*Exercise prompt*. The task calls for every entry to be printed word for word, without the images.

(Collected data)
=-=-=

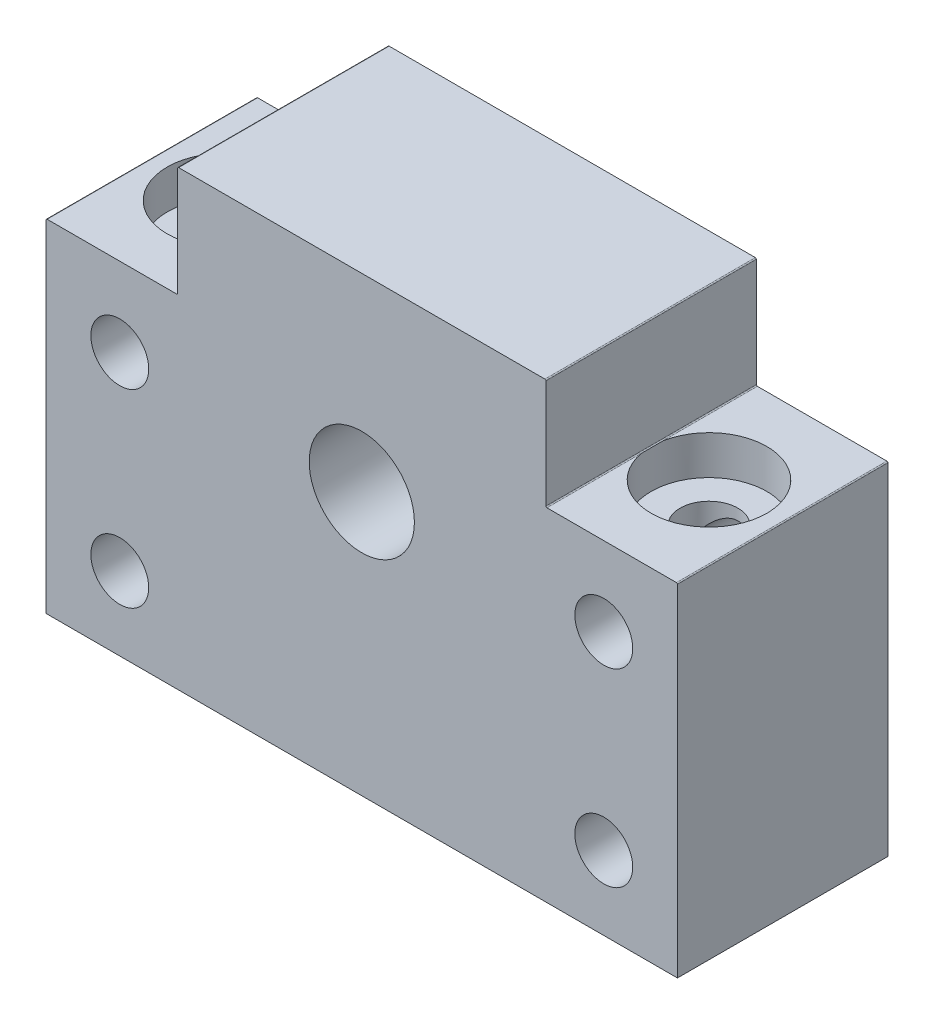
SolidWorks part; units mm, degrees
ref_plane "정면" through (0, 0, 0) normal (0, 0, 1) x (1, 0, 0)
ref_plane "윗면" through (0, 0, 0) normal (0, 1, 0) x (1, 0, 0)
ref_plane "우측면" through (0, 0, 0) normal (1, 0, 0) x (0, 0, -1)
sketch "스케치1" plane through (0, 0, 0) normal (0, 0, 1) x (1, 0, 0)
  line L1 (-30, 16.25) -> (30, 16.25)
  line L2 (-30, 16.25) -> (-30, -16.25)
  line L3 (-30, -16.25) -> (30, -16.25)
  line L4 (30, 16.25) -> (30, -16.25)
  line L5 (-30, 16.25) -> (30, -16.25) construction
  line L6 (-30, -16.25) -> (30, 16.25) construction
  point P0 (0, 0)
  dimension "D1" = 60
  dimension "D2" = 32.5
extrude "보스-돌출1" add sketch "스케치1" along normal blind 20
sketch "스케치2" plane through (0, 16.25, 0) normal (0, 1, 0) x (1, 0, 0)
  line L0 (30, -20) -> (-30, -20) construction
  line L1 (-17.5, 0) -> (17.5, 0)
  line L2 (-17.5, 0) -> (-17.5, -20)
  line L3 (-17.5, -20) -> (17.5, -20)
  line L4 (17.5, 0) -> (17.5, -20)
  line L5 (-17.5, 0) -> (17.5, -20) construction
  line L6 (-17.5, -20) -> (17.5, 0) construction
  line L7 (30, 0) -> (-30, 0) construction
  point P0 (0, -10)
  dimension "D1" = 0
  dimension "D2" = 35
  dimension "D3" = 0
extrude "보스-돌출2" add sketch "스케치2" along normal blind 10.5
fillet "필렛1" radius 0.1 6 edges at (-17.5, 16.25, 10) (17.5, 16.25, 10) (30, 16.25, 10) (-30, 16.25, 10) (-17.5, 26.75, 10) (17.5, 26.75, 10)
sketch "스케치3" plane through (0, 0, 20) normal (0, 0, 1) x (1, 0, 0)
  line L0 (-30, -16.25) -> (30, -16.25) construction
  circle A0 centre (0, 8.75) radius 5
  circle A1 centre (-23, 8.75) radius 2.75
  circle A2 centre (-23, -9.25) radius 2.75
  circle A3 centre (23, 8.75) radius 2.75
  circle A4 centre (23, -9.25) radius 2.75
  dimension "D2" = 10
  dimension "D5" = 5.5
  dimension "D6" = 5.5
  dimension "D7" = 5.5
  dimension "D8" = 5.5
  dimension "D1" = 25
  dimension "D3" = 25
  dimension "D4" = 18
  dimension "D9" = 23
  dimension "D10" = 0
  dimension "D11" = 23
  dimension "D12" = 23
  dimension "D13" = 23
  dimension "D14" = 25
  dimension "D15" = 18
extrude "컷-돌출1" cut sketch "스케치3" against normal through all
hole_wizard "M5 남비 머리 나사용 카운터보어1" positions "스케치6" profile "스케치7" counterbore size "M5" standard "ISO"
sketch "스케치6" plane through (0, 16.25, 0) normal (0, 1, 0) x (1, 0, 0)
  line L2 (-17.6, 0) -> (-29.9, 0) construction
  line L3 (29.9, 0) -> (17.6, 0) construction
  point P0 (23, -10)
  point P3 (-23, -10)
  dimension "D1" = 46
  dimension "D2" = 23
  dimension "D3" = 10
  dimension "D4" = 10
sketch "스케치7" plane through (23, 16.25, 10) normal (1, 0, 0) x (0, 0, 1)
  line L0 (0, 0) -> (0, 41.6524)
  line L1 (0, 41.6524) -> (2.75, 40)
  line L2 (2.75, 40) -> (2.75, 3.7)
  line L3 (2.75, 3.7) -> (5.5, 3.7)
  line L4 (5.5, 3.7) -> (5.5, 0)
  line L5 (5.5, 0) -> (0, 0)
  line L10 (0, 41.6524) -> (-2.75, 40) construction
  line L11 (0, -6.35) -> (0, 107.95) construction
  dimension "구멍 지름" = 5.5
  dimension "구멍 깊이" = 40
  dimension "카운터보어 지름" = 11
  dimension "카운터보어 깊이" = 3.7
  dimension "드릴 각도" = 118
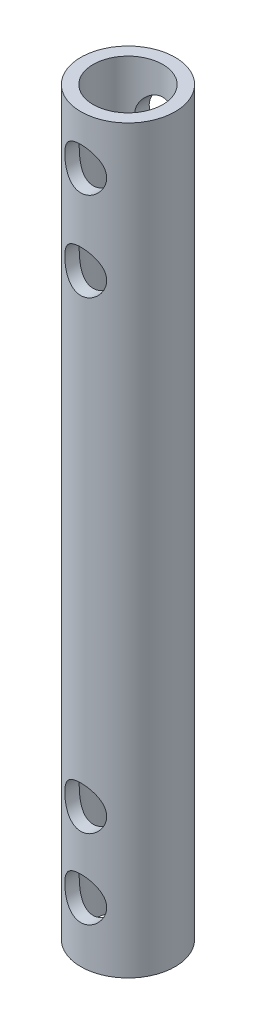
SolidWorks part; units mm, degrees
ref_plane "Front" through (0, 0, 0) normal (0, 0, 1) x (1, 0, 0)
ref_plane "Top" through (0, 0, 0) normal (0, 1, 0) x (1, 0, 0)
ref_plane "Right" through (0, 0, 0) normal (1, 0, 0) x (0, 0, -1)
sketch "Sketch1" plane through (0, 0, 0) normal (0, 1, 0) x (1, 0, 0)
  circle A0 centre (0, 0) radius 9.55
  circle A1 centre (0, 0) radius 7.05
  dimension "D1" = 19.1
  dimension "D2" = 2.5
extrude "Boss-Extrude1" add sketch "Sketch1" along normal blind 150
sketch "Sketch2" plane through (0, 0, 0) normal (0, 0, 1) x (1, 0, 0)
  line L0 (9.55, 150) -> (-9.55, 150) construction
  line L1 (9.55, 150) -> (-9.55, 150) construction
  circle A0 centre (0, 12) radius 4.25
  circle A1 centre (0, 28) radius 4.25
  circle A2 centre (0, 122) radius 4.25
  circle A3 centre (0, 140) radius 4.25
  dimension "D1" = 8.5
  dimension "D2" = 12
  dimension "D4" = 8.5
  dimension "D3" = 16
  dimension "D5" = 18
  dimension "D6" = 10
extrude "Cut-Extrude1" cut sketch "Sketch2" against normal through all both and the other way through all
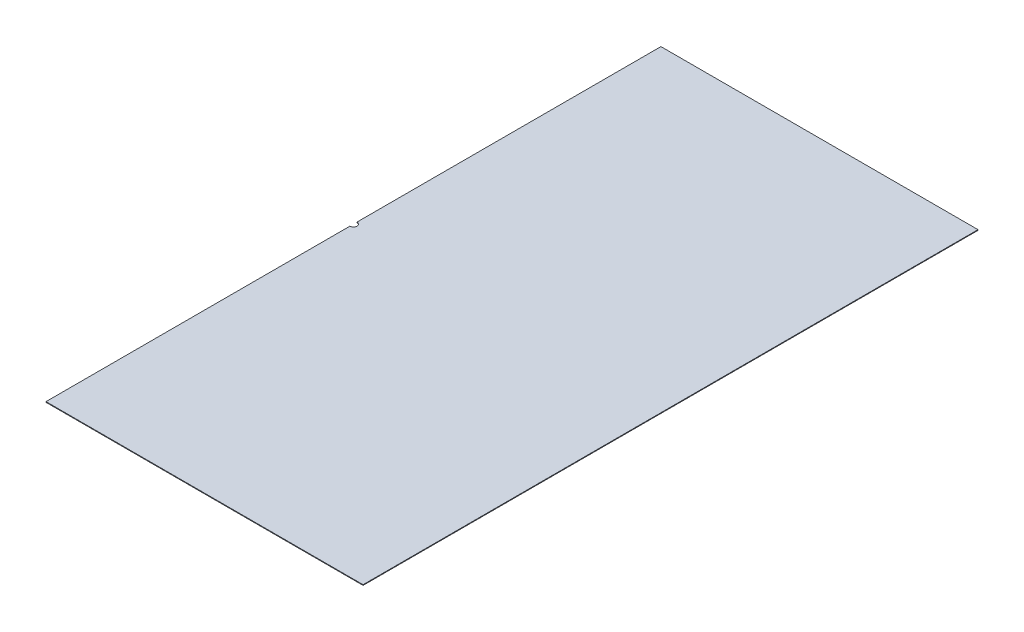
SolidWorks part; units mm, degrees
ref_plane "Front Plane" through (0, 0, 0) normal (0, 0, 1) x (1, 0, 0)
ref_plane "Top Plane" through (0, 0, 0) normal (0, 1, 0) x (1, 0, 0)
ref_plane "Right Plane" through (0, 0, 0) normal (1, 0, 0) x (0, 0, -1)
sketch "Sketch1" plane through (0, 0, 0) normal (0, 1, 0) x (1, 0, 0)
  line L0 (495, -960) -> (495, 960)
  line L1 (495, 960) -> (-495, 960)
  line L3 (495, -960) -> (-495, -960)
  line L4 (-495, 960) -> (-495, 11)
  line L5 (-495, -11) -> (-495, -960)
  arc A0 (-495, -11) -> (-495, 11) centre (-495, 0) ccw
  point P0 (0, 0)
  dimension "D1" = 1920
  dimension "D2" = 990
extrude "Boss-Extrude1" add sketch "Sketch1" along normal blind 2

=-=-=

*Answer box*.
SolidWorks part; units mm, degrees
ref_plane "정면" through (0, 0, 0) normal (0, 0, 1) x (1, 0, 0)
ref_plane "윗면" through (0, 0, 0) normal (0, 1, 0) x (1, 0, 0)
ref_plane "우측면" through (0, 0, 0) normal (1, 0, 0) x (0, 0, -1)
sketch "스케치1" plane through (0, 0, 0) normal (0, 0, 1) x (1, 0, 0)
  line L1 (-30, 16.25) -> (30, 16.25)
  line L2 (-30, 16.25) -> (-30, -16.25)
  line L3 (-30, -16.25) -> (30, -16.25)
  line L4 (30, 16.25) -> (30, -16.25)
  line L5 (-30, 16.25) -> (30, -16.25) construction
  line L6 (-30, -16.25) -> (30, 16.25) construction
  point P0 (0, 0)
  dimension "D1" = 60
  dimension "D2" = 32.5
extrude "보스-돌출1" add sketch "스케치1" along normal blind 20
sketch "스케치2" plane through (0, 16.25, 0) normal (0, 1, 0) x (1, 0, 0)
  line L0 (30, -20) -> (-30, -20) construction
  line L1 (-17.5, 0) -> (17.5, 0)
  line L2 (-17.5, 0) -> (-17.5, -20)
  line L3 (-17.5, -20) -> (17.5, -20)
  line L4 (17.5, 0) -> (17.5, -20)
  line L5 (-17.5, 0) -> (17.5, -20) construction
  line L6 (-17.5, -20) -> (17.5, 0) construction
  line L7 (30, 0) -> (-30, 0) construction
  point P0 (0, -10)
  dimension "D1" = 0
  dimension "D2" = 35
  dimension "D3" = 0
extrude "보스-돌출2" add sketch "스케치2" along normal blind 10.5
fillet "필렛1" radius 0.1 6 edges at (-17.5, 16.25, 10) (17.5, 16.25, 10) (30, 16.25, 10) (-30, 16.25, 10) (-17.5, 26.75, 10) (17.5, 26.75, 10)
sketch "스케치3" plane through (0, 0, 20) normal (0, 0, 1) x (1, 0, 0)
  line L0 (-30, -16.25) -> (30, -16.25) construction
  circle A0 centre (0, 8.75) radius 5
  circle A1 centre (-23, 8.75) radius 2.75
  circle A2 centre (-23, -9.25) radius 2.75
  circle A3 centre (23, 8.75) radius 2.75
  circle A4 centre (23, -9.25) radius 2.75
  dimension "D2" = 10
  dimension "D5" = 5.5
  dimension "D6" = 5.5
  dimension "D7" = 5.5
  dimension "D8" = 5.5
  dimension "D1" = 25
  dimension "D3" = 25
  dimension "D4" = 18
  dimension "D9" = 23
  dimension "D10" = 0
  dimension "D11" = 23
  dimension "D12" = 23
  dimension "D13" = 23
  dimension "D14" = 25
  dimension "D15" = 18
extrude "컷-돌출1" cut sketch "스케치3" against normal through all
hole_wizard "M5 남비 머리 나사용 카운터보어1" positions "스케치6" profile "스케치7" counterbore size "M5" standard "ISO"
sketch "스케치6" plane through (0, 16.25, 0) normal (0, 1, 0) x (1, 0, 0)
  line L2 (-17.6, 0) -> (-29.9, 0) construction
  line L3 (29.9, 0) -> (17.6, 0) construction
  point P0 (23, -10)
  point P3 (-23, -10)
  dimension "D1" = 46
  dimension "D2" = 23
  dimension "D3" = 10
  dimension "D4" = 10
sketch "스케치7" plane through (23, 16.25, 10) normal (1, 0, 0) x (0, 0, 1)
  line L0 (0, 0) -> (0, 41.6524)
  line L1 (0, 41.6524) -> (2.75, 40)
  line L2 (2.75, 40) -> (2.75, 3.7)
  line L3 (2.75, 3.7) -> (5.5, 3.7)
  line L4 (5.5, 3.7) -> (5.5, 0)
  line L5 (5.5, 0) -> (0, 0)
  line L10 (0, 41.6524) -> (-2.75, 40) construction
  line L11 (0, -6.35) -> (0, 107.95) construction
  dimension "구멍 지름" = 5.5
  dimension "구멍 깊이" = 40
  dimension "카운터보어 지름" = 11
  dimension "카운터보어 깊이" = 3.7
  dimension "드릴 각도" = 118
SolidWorks part; units mm, degrees
ref_plane "Front" through (0, 0, 0) normal (0, 0, 1) x (1, 0, 0)
ref_plane "Top" through (0, 0, 0) normal (0, 1, 0) x (1, 0, 0)
ref_plane "Right" through (0, 0, 0) normal (1, 0, 0) x (0, 0, -1)
sketch "Sketch1" plane through (0, 0, 0) normal (0, 1, 0) x (1, 0, 0)
  circle A0 centre (0, 0) radius 9.55
  circle A1 centre (0, 0) radius 7.05
  dimension "D1" = 19.1
  dimension "D2" = 2.5
extrude "Boss-Extrude1" add sketch "Sketch1" along normal blind 150
sketch "Sketch2" plane through (0, 0, 0) normal (0, 0, 1) x (1, 0, 0)
  line L0 (9.55, 150) -> (-9.55, 150) construction
  line L1 (9.55, 150) -> (-9.55, 150) construction
  circle A0 centre (0, 12) radius 4.25
  circle A1 centre (0, 28) radius 4.25
  circle A2 centre (0, 122) radius 4.25
  circle A3 centre (0, 140) radius 4.25
  dimension "D1" = 8.5
  dimension "D2" = 12
  dimension "D4" = 8.5
  dimension "D3" = 16
  dimension "D5" = 18
  dimension "D6" = 10
extrude "Cut-Extrude1" cut sketch "Sketch2" against normal through all both and the other way through all
SolidWorks part; units mm, degrees
ref_plane "Front Plane" through (0, 0, 0) normal (0, 0, 1) x (1, 0, 0)
ref_plane "Top Plane" through (0, 0, 0) normal (0, 1, 0) x (1, 0, 0)
ref_plane "Right Plane" through (0, 0, 0) normal (1, 0, 0) x (0, 0, -1)
sketch "Sketch1" plane through (0, 0, 0) normal (0, 1, 0) x (1, 0, 0)
  line L0 (495, -960) -> (495, 960)
  line L1 (495, 960) -> (-495, 960)
  line L3 (495, -960) -> (-495, -960)
  line L4 (-495, 960) -> (-495, 11)
  line L5 (-495, -11) -> (-495, -960)
  arc A0 (-495, -11) -> (-495, 11) centre (-495, 0) ccw
  point P0 (0, 0)
  dimension "D1" = 1920
  dimension "D2" = 990
extrude "Boss-Extrude1" add sketch "Sketch1" along normal blind 2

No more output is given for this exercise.